» **Assigned task**:
Lines below starting with the line with "#8228 = ORIENTED_EDGE" and going on through the line with "#11683 = PLANE" must be output exactly; the rest of the records must be left out.

Segment Start: Input

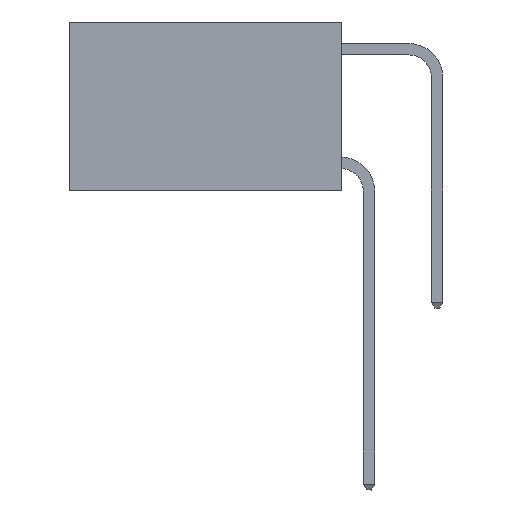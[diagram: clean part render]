
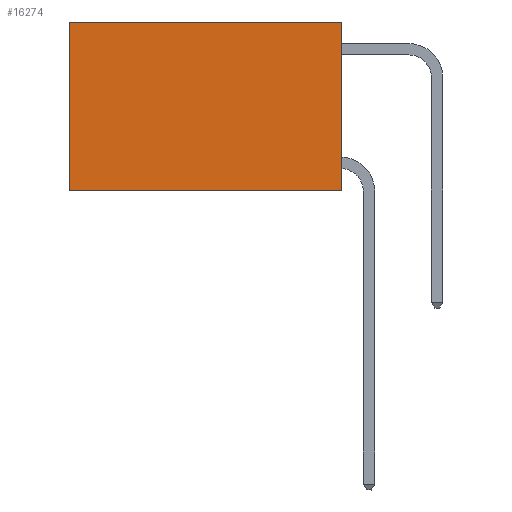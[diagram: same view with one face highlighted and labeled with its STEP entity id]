
A CAD part, left-side view. The second image highlights one B-rep face of the part: STEP entity #16274.
In plain terms, the highlighted planar face has unit normal (-1, 0, 0).
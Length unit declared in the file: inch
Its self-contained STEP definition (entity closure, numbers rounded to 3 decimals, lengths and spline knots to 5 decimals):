
#64 = VECTOR ( 'NONE', #3068, 39.37008 ) ;
#877 = VECTOR ( 'NONE', #4682, 39.37008 ) ;
#984 = ORIENTED_EDGE ( 'NONE', *, *, #10738, .T. ) ;
#1019 = ORIENTED_EDGE ( 'NONE', *, *, #3689, .F. ) ;
#1799 = CARTESIAN_POINT ( 'NONE',  ( 0.2625, 0., 0. ) ) ;
#2072 = EDGE_CURVE ( 'NONE', #8091, #8265, #15053, .T. ) ;
#2125 = ORIENTED_EDGE ( 'NONE', *, *, #2072, .T. ) ;
#3068 = DIRECTION ( 'NONE',  ( 0., 0., -1. ) ) ;
#3471 = DIRECTION ( 'NONE',  ( 1., 0., 0. ) ) ;
#3689 = EDGE_CURVE ( 'NONE', #8091, #14186, #4478, .T. ) ;
#4267 = AXIS2_PLACEMENT_3D ( 'NONE', #1799, #3471, #14915 ) ;
#4478 = LINE ( 'NONE', #7982, #64 ) ;
#4682 = DIRECTION ( 'NONE',  ( 0., 1., 0. ) ) ;
#5347 = VECTOR ( 'NONE', #15507, 39.37008 ) ;
#5969 = DIRECTION ( 'NONE',  ( 0., 0., -1. ) ) ;
#7765 = CARTESIAN_POINT ( 'NONE',  ( 0.2625, 0.6, -0.37 ) ) ;
#7982 = CARTESIAN_POINT ( 'NONE',  ( 0.2625, 0., 0. ) ) ;
#8091 = VERTEX_POINT ( 'NONE', #14818 ) ;
#8228 = ORIENTED_EDGE ( 'NONE', *, *, #15574, .F. ) ;
#8265 = VERTEX_POINT ( 'NONE', #18462 ) ;
#9947 = FACE_OUTER_BOUND ( 'NONE', #14689, .T. ) ;
#10738 = EDGE_CURVE ( 'NONE', #8265, #19575, #19318, .T. ) ;
#11204 = CARTESIAN_POINT ( 'NONE',  ( 0.2625, 0., -0.37 ) ) ;
#11683 = PLANE ( 'NONE',  #4267 ) ;
#11730 = CARTESIAN_POINT ( 'NONE',  ( 0.2625, 0., 0. ) ) ;
#12501 = CARTESIAN_POINT ( 'NONE',  ( 0.2625, 0.6, 0. ) ) ;
#14186 = VERTEX_POINT ( 'NONE', #11204 ) ;
#14689 = EDGE_LOOP ( 'NONE', ( #984, #8228, #1019, #2125 ) ) ;
#14818 = CARTESIAN_POINT ( 'NONE',  ( 0.2625, 0., 0. ) ) ;
#14915 = DIRECTION ( 'NONE',  ( 0., 0., -1. ) ) ;
#15045 = VECTOR ( 'NONE', #5969, 39.37008 ) ;
#15053 = LINE ( 'NONE', #11730, #5347 ) ;
#15507 = DIRECTION ( 'NONE',  ( 0., 1., 0. ) ) ;
#15574 = EDGE_CURVE ( 'NONE', #14186, #19575, #18280, .T. ) ;
#16274 = ADVANCED_FACE ( 'NONE', ( #9947 ), #11683, .F. ) ;
#17703 = CARTESIAN_POINT ( 'NONE',  ( 0.2625, 0., -0.37 ) ) ;
#18280 = LINE ( 'NONE', #17703, #877 ) ;
#18462 = CARTESIAN_POINT ( 'NONE',  ( 0.2625, 0.6, 0. ) ) ;
#19318 = LINE ( 'NONE', #12501, #15045 ) ;
#19575 = VERTEX_POINT ( 'NONE', #7765 ) ;

Segment End: Input

» **Completed exercise**:
#8228 = ORIENTED_EDGE ( 'NONE', *, *, #15574, .F. ) ;
#8265 = VERTEX_POINT ( 'NONE', #18462 ) ;
#9947 = FACE_OUTER_BOUND ( 'NONE', #14689, .T. ) ;
#10738 = EDGE_CURVE ( 'NONE', #8265, #19575, #19318, .T. ) ;
#11204 = CARTESIAN_POINT ( 'NONE',  ( 0.2625, 0., -0.37 ) ) ;
#11683 = PLANE ( 'NONE',  #4267 ) ;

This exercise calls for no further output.